I was kicking back having a glass of wine and listening to some classic Duke Ellington and reflecting on a discussion with a young cat in my jazz history class years back:

Young 'Un: Eddie B! Hey man, I know you dig jazz, but doesn't it get boring? A lot of it doesn't have lyrics, so it doesn't really tell you anything. Are you STUCK on jazz?

Eddie B: (resisting the urge to plunder the young lad, YET conjuring the spirits/sentiments of Ellington, Louis Armstrong, Charles Mingus, among others) I tell you what. Listen to these cuts. Start out with Ellington's cut, "Gong." Listen to what Duke says throughout, but especially to what he does in the background as much as the foreground. Peep his lines from 2:47 to 3:07. Tell me what you hear.

YU: Damn! They're chillin', but it sounds like they're having a conversation, even though there were no vocals! It's like Duke was responding to whatever they played.

EB: Okay, cool. Now, listen to this cut, "All Blues," by Miles Davis. What do you hear?

YU: It's a different vibe, but it also sounds like they're having a conversation. The band seems to be feeding off each other. I dig how mellow and cool this cut is!

EB: Okay, I dig you. Now,watch this clip from by Funkadelic, "Cosmic Slop" live. What do you see/hear/feel?

YU: Damn! They're killin' it! You see how many people were on stage? Parts of it sound like rock, but it has that funky vibe to it. Everybody is having a conversation and feeding off each other. You could even feel like the people in the audience were probably going off!

EB: (laughing my head off!) Man... okay, okay. Now, listen to this cut by Dr.
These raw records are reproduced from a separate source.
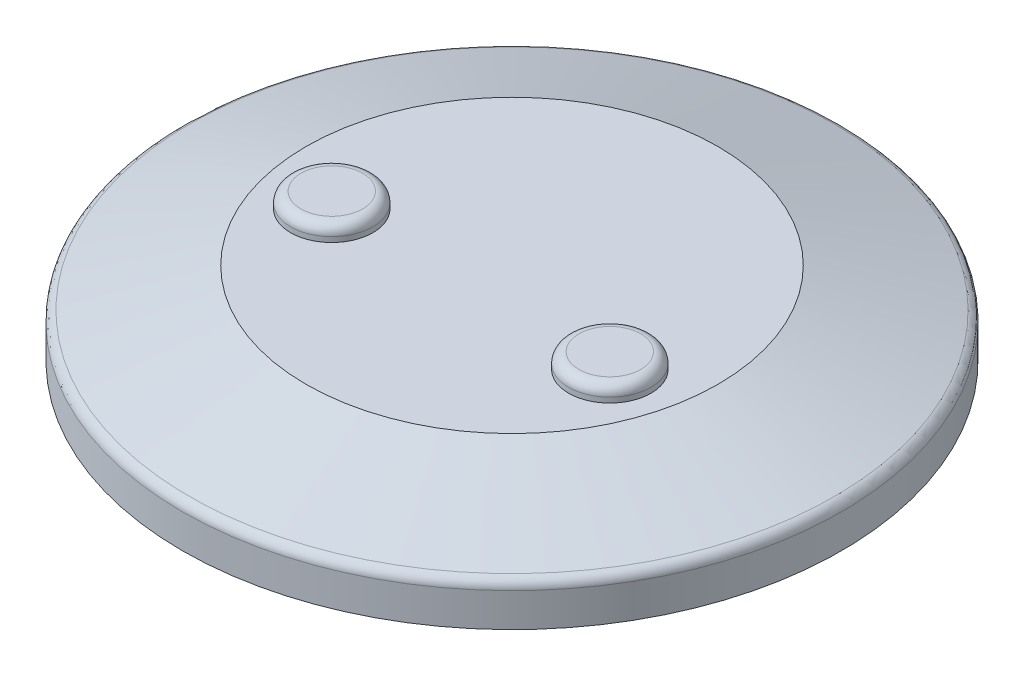
ISO-10303-21;
HEADER;
FILE_DESCRIPTION(('STEP AP214'),'2;1');
FILE_NAME('part.step','',(''),(''),'','','');
FILE_SCHEMA(('AUTOMOTIVE_DESIGN { 1 0 10303 214 1 1 1 1 }'));
ENDSEC;
DATA;
#1=APPLICATION_CONTEXT('core data for automotive mechanical design processes');
#2=APPLICATION_PROTOCOL_DEFINITION('international standard','automotive_design',2000,#1);
#3=PRODUCT_CONTEXT('',#1,'mechanical');
#4=PRODUCT('Part','Part','',(#3));
#5=PRODUCT_RELATED_PRODUCT_CATEGORY('part','',(#4));
#6=PRODUCT_DEFINITION_FORMATION('','',#4);
#7=PRODUCT_DEFINITION_CONTEXT('part definition',#1,'design');
#8=PRODUCT_DEFINITION('design','',#6,#7);
#9=PRODUCT_DEFINITION_SHAPE('','',#8);
#10=(LENGTH_UNIT() NAMED_UNIT(*) SI_UNIT(.MILLI.,.METRE.));
#11=(NAMED_UNIT(*) PLANE_ANGLE_UNIT() SI_UNIT($,.RADIAN.));
#12=(NAMED_UNIT(*) SI_UNIT($,.STERADIAN.) SOLID_ANGLE_UNIT());
#13=UNCERTAINTY_MEASURE_WITH_UNIT(LENGTH_MEASURE(1.E-05),#10,'distance_accuracy_value','');
#14=(GEOMETRIC_REPRESENTATION_CONTEXT(3) GLOBAL_UNCERTAINTY_ASSIGNED_CONTEXT((#13)) GLOBAL_UNIT_ASSIGNED_CONTEXT((#10,
#11,#12)) REPRESENTATION_CONTEXT('',''));
#15=CARTESIAN_POINT('',(0.,0.,0.));
#16=DIRECTION('',(0.,0.,1.));
#17=DIRECTION('',(1.,0.,0.));
#18=AXIS2_PLACEMENT_3D('',#15,#16,#17);
#19=CARTESIAN_POINT('',(0.,8.,0.));
#20=DIRECTION('',(0.,1.,0.));
#21=DIRECTION('',(0.,0.,1.));
#22=AXIS2_PLACEMENT_3D('',#19,#20,#21);
#23=PLANE('',#22);
#24=CARTESIAN_POINT('',(-13.5,8.,4.));
#25=DIRECTION('',(0.,1.,0.));
#26=DIRECTION('',(0.,0.,1.));
#27=AXIS2_PLACEMENT_3D('',#24,#25,#26);
#28=CIRCLE('',#27,4.);
#29=CARTESIAN_POINT('',(-13.5,8.,8.));
#30=VERTEX_POINT('',#29);
#31=EDGE_CURVE('E67',#30,#30,#28,.T.);
#32=ORIENTED_EDGE('',*,*,#31,.F.);
#33=EDGE_LOOP('',(#32));
#34=FACE_BOUND('',#33,.T.);
#35=CARTESIAN_POINT('',(0.,8.,0.));
#36=DIRECTION('',(0.,1.,0.));
#37=DIRECTION('',(0.,0.,1.));
#38=AXIS2_PLACEMENT_3D('',#35,#36,#37);
#39=CIRCLE('',#38,20.);
#40=CARTESIAN_POINT('',(0.,8.,20.));
#41=VERTEX_POINT('',#40);
#42=EDGE_CURVE('E62',#41,#41,#39,.T.);
#43=ORIENTED_EDGE('',*,*,#42,.T.);
#44=EDGE_LOOP('',(#43));
#45=FACE_BOUND('',#44,.T.);
#46=CARTESIAN_POINT('',(13.5,8.,4.));
#47=DIRECTION('',(0.,1.,0.));
#48=DIRECTION('',(0.,0.,1.));
#49=AXIS2_PLACEMENT_3D('',#46,#47,#48);
#50=CIRCLE('',#49,4.);
#51=CARTESIAN_POINT('',(13.5,8.,8.));
#52=VERTEX_POINT('',#51);
#53=EDGE_CURVE('E107',#52,#52,#50,.T.);
#54=ORIENTED_EDGE('',*,*,#53,.F.);
#55=EDGE_LOOP('',(#54));
#56=FACE_BOUND('',#55,.T.);
#57=ADVANCED_FACE('F33',(#34,#45,#56),#23,.T.);
#58=CARTESIAN_POINT('',(0.,4.,0.));
#59=DIRECTION('',(0.,-1.,0.));
#60=DIRECTION('',(0.,0.,-1.));
#61=AXIS2_PLACEMENT_3D('',#58,#59,#60);
#62=CYLINDRICAL_SURFACE('',#61,32.);
#63=CARTESIAN_POINT('',(0.,3.27924077994387,0.));
#64=DIRECTION('',(0.,-1.,0.));
#65=DIRECTION('',(0.,0.,-1.));
#66=AXIS2_PLACEMENT_3D('',#63,#64,#65);
#67=CIRCLE('',#66,32.);
#68=CARTESIAN_POINT('',(0.,3.27924077994387,-32.));
#69=VERTEX_POINT('',#68);
#70=EDGE_CURVE('E53',#69,#69,#67,.T.);
#71=ORIENTED_EDGE('',*,*,#70,.T.);
#72=EDGE_LOOP('',(#71));
#73=FACE_BOUND('',#72,.T.);
#74=CARTESIAN_POINT('',(0.,0.,0.));
#75=DIRECTION('',(0.,1.,0.));
#76=DIRECTION('',(0.,0.,1.));
#77=AXIS2_PLACEMENT_3D('',#74,#75,#76);
#78=CIRCLE('',#77,32.);
#79=CARTESIAN_POINT('',(0.,0.,32.));
#80=VERTEX_POINT('',#79);
#81=EDGE_CURVE('E59',#80,#80,#78,.T.);
#82=ORIENTED_EDGE('',*,*,#81,.T.);
#83=EDGE_LOOP('',(#82));
#84=FACE_BOUND('',#83,.T.);
#85=ADVANCED_FACE('F82',(#73,#84),#62,.T.);
#86=CARTESIAN_POINT('',(0.,0.,0.));
#87=DIRECTION('',(0.,1.,0.));
#88=DIRECTION('',(0.,0.,1.));
#89=AXIS2_PLACEMENT_3D('',#86,#87,#88);
#90=PLANE('',#89);
#91=ORIENTED_EDGE('',*,*,#81,.F.);
#92=EDGE_LOOP('',(#91));
#93=FACE_BOUND('',#92,.T.);
#94=ADVANCED_FACE('F91',(#93),#90,.F.);
#95=CARTESIAN_POINT('',(0.,8.,0.));
#96=DIRECTION('',(0.,-1.,0.));
#97=DIRECTION('',(0.,0.,-1.));
#98=AXIS2_PLACEMENT_3D('',#95,#96,#97);
#99=CONICAL_SURFACE('',#98,20.,1.24904577239825);
#100=CARTESIAN_POINT('',(0.,4.2279240779944,0.));
#101=DIRECTION('',(0.,-1.,0.));
#102=DIRECTION('',(0.,0.,-1.));
#103=AXIS2_PLACEMENT_3D('',#100,#101,#102);
#104=CIRCLE('',#103,31.3162277660168);
#105=CARTESIAN_POINT('',(0.,4.2279240779944,-31.3162277660168));
#106=VERTEX_POINT('',#105);
#107=EDGE_CURVE('E56',#106,#106,#104,.F.);
#108=ORIENTED_EDGE('',*,*,#107,.T.);
#109=EDGE_LOOP('',(#108));
#110=FACE_BOUND('',#109,.T.);
#111=ORIENTED_EDGE('',*,*,#42,.F.);
#112=EDGE_LOOP('',(#111));
#113=FACE_BOUND('',#112,.T.);
#114=ADVANCED_FACE('F86',(#110,#113),#99,.T.);
#115=CARTESIAN_POINT('',(0.,3.27924077994387,0.));
#116=DIRECTION('',(0.,-1.,0.));
#117=DIRECTION('',(0.,0.,-1.));
#118=AXIS2_PLACEMENT_3D('',#115,#116,#117);
#119=TOROIDAL_SURFACE('',#118,31.,1.);
#120=ORIENTED_EDGE('',*,*,#70,.F.);
#121=EDGE_LOOP('',(#120));
#122=FACE_BOUND('',#121,.T.);
#123=ORIENTED_EDGE('',*,*,#107,.F.);
#124=EDGE_LOOP('',(#123));
#125=FACE_BOUND('',#124,.T.);
#126=ADVANCED_FACE('F90',(#122,#125),#119,.T.);
#127=CARTESIAN_POINT('',(-13.5,9.5,4.));
#128=DIRECTION('',(0.,-1.,0.));
#129=DIRECTION('',(0.,0.,-1.));
#130=AXIS2_PLACEMENT_3D('',#127,#128,#129);
#131=CYLINDRICAL_SURFACE('',#130,4.);
#132=CARTESIAN_POINT('',(-13.5,8.5,4.));
#133=DIRECTION('',(0.,1.,0.));
#134=DIRECTION('',(0.,0.,1.));
#135=AXIS2_PLACEMENT_3D('',#132,#133,#134);
#136=CIRCLE('',#135,4.);
#137=CARTESIAN_POINT('',(-13.5,8.5,8.));
#138=VERTEX_POINT('',#137);
#139=EDGE_CURVE('E44',#138,#138,#136,.F.);
#140=ORIENTED_EDGE('',*,*,#139,.T.);
#141=EDGE_LOOP('',(#140));
#142=FACE_BOUND('',#141,.T.);
#143=ORIENTED_EDGE('',*,*,#31,.T.);
#144=EDGE_LOOP('',(#143));
#145=FACE_BOUND('',#144,.T.);
#146=ADVANCED_FACE('F84',(#142,#145),#131,.T.);
#147=CARTESIAN_POINT('',(-13.5,9.5,4.));
#148=DIRECTION('',(0.,1.,0.));
#149=DIRECTION('',(0.,0.,1.));
#150=AXIS2_PLACEMENT_3D('',#147,#148,#149);
#151=PLANE('',#150);
#152=CARTESIAN_POINT('',(-13.5,9.5,4.));
#153=DIRECTION('',(0.,1.,0.));
#154=DIRECTION('',(0.,0.,1.));
#155=AXIS2_PLACEMENT_3D('',#152,#153,#154);
#156=CIRCLE('',#155,3.);
#157=CARTESIAN_POINT('',(-13.5,9.5,7.));
#158=VERTEX_POINT('',#157);
#159=EDGE_CURVE('E48',#158,#158,#156,.T.);
#160=ORIENTED_EDGE('',*,*,#159,.T.);
#161=EDGE_LOOP('',(#160));
#162=FACE_BOUND('',#161,.T.);
#163=ADVANCED_FACE('F115',(#162),#151,.T.);
#164=CARTESIAN_POINT('',(13.5,9.5,4.));
#165=DIRECTION('',(0.,-1.,0.));
#166=DIRECTION('',(0.,0.,-1.));
#167=AXIS2_PLACEMENT_3D('',#164,#165,#166);
#168=CYLINDRICAL_SURFACE('',#167,4.);
#169=CARTESIAN_POINT('',(13.5,8.5,4.));
#170=DIRECTION('',(0.,1.,0.));
#171=DIRECTION('',(0.,0.,1.));
#172=AXIS2_PLACEMENT_3D('',#169,#170,#171);
#173=CIRCLE('',#172,4.);
#174=CARTESIAN_POINT('',(13.5,8.5,8.));
#175=VERTEX_POINT('',#174);
#176=EDGE_CURVE('E11',#175,#175,#173,.F.);
#177=ORIENTED_EDGE('',*,*,#176,.T.);
#178=EDGE_LOOP('',(#177));
#179=FACE_BOUND('',#178,.T.);
#180=ORIENTED_EDGE('',*,*,#53,.T.);
#181=EDGE_LOOP('',(#180));
#182=FACE_BOUND('',#181,.T.);
#183=ADVANCED_FACE('F111',(#179,#182),#168,.T.);
#184=CARTESIAN_POINT('',(13.5,9.5,4.));
#185=DIRECTION('',(0.,1.,0.));
#186=DIRECTION('',(0.,0.,1.));
#187=AXIS2_PLACEMENT_3D('',#184,#185,#186);
#188=PLANE('',#187);
#189=CARTESIAN_POINT('',(13.5,9.5,4.));
#190=DIRECTION('',(0.,1.,0.));
#191=DIRECTION('',(0.,0.,1.));
#192=AXIS2_PLACEMENT_3D('',#189,#190,#191);
#193=CIRCLE('',#192,3.);
#194=CARTESIAN_POINT('',(13.5,9.5,7.));
#195=VERTEX_POINT('',#194);
#196=EDGE_CURVE('E40',#195,#195,#193,.T.);
#197=ORIENTED_EDGE('',*,*,#196,.T.);
#198=EDGE_LOOP('',(#197));
#199=FACE_BOUND('',#198,.T.);
#200=ADVANCED_FACE('F114',(#199),#188,.T.);
#201=CARTESIAN_POINT('',(-13.5,8.5,4.));
#202=DIRECTION('',(0.,1.,0.));
#203=DIRECTION('',(0.,0.,1.));
#204=AXIS2_PLACEMENT_3D('',#201,#202,#203);
#205=TOROIDAL_SURFACE('',#204,3.,1.);
#206=ORIENTED_EDGE('',*,*,#139,.F.);
#207=EDGE_LOOP('',(#206));
#208=FACE_BOUND('',#207,.T.);
#209=ORIENTED_EDGE('',*,*,#159,.F.);
#210=EDGE_LOOP('',(#209));
#211=FACE_BOUND('',#210,.T.);
#212=ADVANCED_FACE('F121',(#208,#211),#205,.T.);
#213=CARTESIAN_POINT('',(13.5,8.5,4.));
#214=DIRECTION('',(0.,1.,0.));
#215=DIRECTION('',(0.,0.,1.));
#216=AXIS2_PLACEMENT_3D('',#213,#214,#215);
#217=TOROIDAL_SURFACE('',#216,3.,1.);
#218=ORIENTED_EDGE('',*,*,#176,.F.);
#219=EDGE_LOOP('',(#218));
#220=FACE_BOUND('',#219,.T.);
#221=ORIENTED_EDGE('',*,*,#196,.F.);
#222=EDGE_LOOP('',(#221));
#223=FACE_BOUND('',#222,.T.);
#224=ADVANCED_FACE('F35',(#220,#223),#217,.T.);
#225=CLOSED_SHELL('',(#57,#85,#94,#114,#126,#146,#163,#183,#200,#212,#224));
#226=MANIFOLD_SOLID_BREP('B2',#225);
#227=ADVANCED_BREP_SHAPE_REPRESENTATION('',(#18,#226),#14);
#228=SHAPE_DEFINITION_REPRESENTATION(#9,#227);
ENDSEC;
END-ISO-10303-21;

Yusef Lateef, "Juba Juba." Was there ANY connection between all the cuts?

YU: WOW! That cut is POWERFUL! I heard the literal voices and musical voices. It's like the cut encompassed, in some ways, the history of black music in America. All the cuts sounded good, for different reasons, but I dug them all. If there was anything across all, I guess it was they all seemed to be having a musical conversation, but the Lateef cut was like a summary of them all, if that makes sense.

EB: Exactly! When you understand the culture and the music, you FEEL it, and can relate to the band's conversations amongst itself AND the audience! While each cut you listened to might have had a different vibe, they were ALL talking to you, just using different words. ALL of it felt/sounded good, and for different reasons. It's like spirituals, work songs, blues, jazz, etc., they all speak to you, it's just that they may, in some cases, use different words to tell the same story!

YU: Ahhhhh, I didn't really think about that.

EB: Man, don't you EVER tell me that music with no verbal lyrics is incapable of telling a story! The voice is an instrument as much as a sax, but that doesn't mean they both can't talk and/or tell a story. The history of black music IS the story, man, LISTEN, and if you listened to the music at any period in history, you'll get a sense of what was happenin' at that time!

YU: Thanks, Eddie B!

EB: No problem, and remember this: Life can be much more fuller and wonderful when your ears are bigger than your mouth. Listen, son, listen!

[Eddie Becton is a professor of African-American Studies at Loyola Marymount University and hosts Eddie B's Jazz Journey on KXLU 88.9-FM. The above FB post was reprinted with his permission.]